Problem description: for example, a mobile phone friend has n servers. To facilitate user access, data is cached on the server. Therefore, it is best to keep the same server for each access.
The existing method is to obtain the requested Server Based on serveripindex [qqnum % N]. This method is convenient for users to be assigned to different servers. However, if a server is dead, n is changed to n-1, so serveripindex [qqnum % N] And serveripindex [qqnum % (n-1)] are basically different, therefore, most users' requests are forwarded to other servers, resulting in a large number of access errors.
Q: How to improve or change the method:
(1) When a server dies, it will not cause access errors in large areas,
(2) The original access is basically stuck on the same server;
(3) Consider Server Load balancer as much as possible.

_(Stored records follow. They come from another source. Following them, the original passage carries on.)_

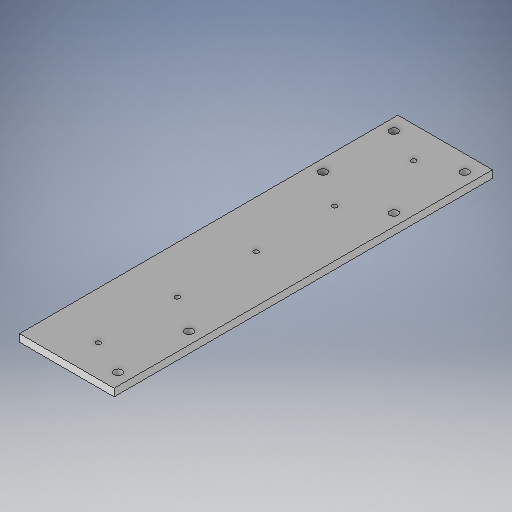
# Autodesk Inventor part: GOES_Mount
Saved by Autodesk Inventor 2025.3 (Build 293356000, 356)
## iProperties
Created: 2025-12-10
Part Number: GOES_Mount
Material: Generic
Document SubType Name: Modeling
Designer: sonata
Density: 1 g/cm^3
Appearance: Default
Author: sonata
Autodesk Inventor part; units mm, degrees
ref_plane "YZ Plane" through (0, 0, 0) normal (1, 0, 0) x (0, 1, 0)
ref_plane "XZ Plane" through (0, 0, 0) normal (0, 1, 0) x (-1, 0, 0)
ref_plane "XY Plane" through (0, 0, 0) normal (0, 0, 1) x (1, 0, 0)
sketch "Sketch1" plane through (0, 0, 0) normal (0, 1, 0) x (-1, 0, 0)
  line L0 (0, 0) -> (76.2, 0)
  line L1 (76.2, 0) -> (76.2, -304.8)
  line L2 (76.2, -304.8) -> (0, -304.8)
  line L3 (0, -304.8) -> (0, 0)
  dimension "d0" = 304.8
  dimension "d1" = 76.2
  constraints: 8 end point, 2 parallel, 1 horizontal, 1 perpendicular
  measures "d0" distance of L0.end L1.end
  measures "d1" distance of L1.end L2.end
extrude "Extrusion1" add sketch "Sketch1" along normal blind 5.9995
sketch "Sketch2" plane through (0, 5.9995, 0) normal (0, 1, 0) x (1, 0, 0)
  line L0 (0, 0) -> (0, 304.8) projected
  line L1 (-76.2, 0) -> (0, 0) projected
  point P0 (-9.525, 12.7)
  point P1 (-9.525, 69.85)
  dimension "d4" = 57.15
  dimension "d5" = 9.525
  dimension "d13" = 12.7
  constraints: 1 vertical alignment
  measures "d4" distance of point (-9.525, 69.85) point (-9.525, 12.7)
  measures "d5" distance from line of point (-9.525, 12.7) L0
  measures "d13" distance from line of point (-9.525, 12.7) L1
hole "Hole1" at (-9.525, 5.9995, -12.7) at (-9.525, 5.9995, -69.85) direction (0, -1, 0) diameter 6.604 end through all
sketch "Sketch3" plane through (0, 5.9995, 0) normal (0, 1, 0) x (1, 0, 0)
  line L0 (0, 0) -> (0, 304.8) projected
  line L1 (-76.2, 304.8) -> (-76.2, 0) projected
  line L2 (0, 304.8) -> (-76.2, 304.8) projected
  point P0 (-9.525, 292.1)
  point P1 (-9.525, 234.95)
  point P2 (-66.675, 234.95)
  point P3 (-66.675, 292.1)
  dimension "d14" = 57.15
  dimension "d15" = 9.525
  dimension "d16" = 9.525
  dimension "d17" = 12.7
  constraints: 2 horizontal alignment, 2 vertical alignment
  measures "d14" distance of point (-66.675, 292.1) point (-66.675, 234.95)
  measures "d15" distance from line of L0 point (-9.525, 292.1)
  measures "d16" distance from line of L1 point (-66.675, 292.1)
  measures "d17" distance from line of L2 point (-66.675, 292.1)
hole "Hole2" at (-9.525, 5.9995, -292.1) at (-9.525, 5.9995, -234.95) at (-66.675, 5.9995, -234.95) at (-66.675, 5.9995, -292.1) direction (0, -1, 0) diameter 6.604 end through all
sketch "Sketch4" plane through (0, 0, 0) normal (0, -1, 0) x (1, 0, 0)
  line L0 (0, -304.8) -> (-76.2, -304.8) projected
  line L1 (-76.2, 0) -> (0, 0) projected
  line L2 (-76.2, -304.8) -> (-76.2, 0) projected
  point P0 (-38.1, -279.4)
  point P1 (-38.1, -215.9)
  point P2 (-38.1, -152.4)
  point P3 (-38.1, -88.9)
  point P4 (-38.1, -25.4)
  dimension "d25" = 25.4
  dimension "d26" = 25.4
  dimension "d27" = 63.5
  dimension "d28" = 63.5
  dimension "d29" = 63.5
  dimension "d30" = 38.1
  constraints: 4 vertical alignment
  measures "d25" distance from line of L0 point (-38.1, -279.4)
  measures "d26" distance from line of L1 point (-38.1, -25.4)
  measures "d27" distance of point (-38.1, -215.9) point (-38.1, -279.4)
  measures "d28" distance of point (-38.1, -152.4) point (-38.1, -215.9)
  measures "d29" distance of point (-38.1, -88.9) point (-38.1, -152.4)
  measures "d30" distance from line of L2 point (-38.1, -279.4)
hole "Hole3" at (-38.1, 0, -279.4) at (-38.1, 0, -215.9) at (-38.1, 0, -152.4) at (-38.1, 0, -88.9) at (-38.1, 0, -25.4) direction (0, 1, 0) diameter 3.81 end through all clearance for "Flat Head Machine Screw (82)" size "#6" standard "Ansi Unified Screw Threads"
body "Solid1"

Obviously, the traditional method has been given, I .e., the method of using the model remainder: The method is very simple, but there are many problems that do not meet the needs. So we consider the consistent hash algorithm. As described above.
Other application scenarios:
There are many Server Load balancer algorithms available for selection, including round robin, hash, and least connection) response time and weighted. Hash algorithms are the most commonly used algorithms.
The most typical application scenario is that there are n servers providing the cache service. You need to perform load balancing on the servers and evenly distribute requests to each server, each machine is responsible for 1/N services.
The common algorithm is to obtain the remainder of the hash result (Hash () mod n): To machine number from 0 to N-1, according to the custom hash () algorithm, perform n modulo on the hash () value of each request to obtain the remainder I, and then distribute the request to the machine numbered I. However, such an algorithm has a fatal problem. If a machine goes down, requests that fall into the machine cannot be processed correctly, in this case, the server to be removed from the algorithm, there will be (N-1)/n of the server cache data needs to be re-computed; if a new machine, the cache data of a server with N/(n + 1) needs to be recalculated. This is usually unacceptable for Systems (because it means that a large amount of cache is invalid or data needs to be transferred ). So how to design a load balancing policy to minimize the number of affected requests?
The consistent hashing algorithm is used in memcached, key-Value Store, BitTorrent DHT, and LVS. It can be said that consistent hashing is the preferred algorithm for distributed system load balancing.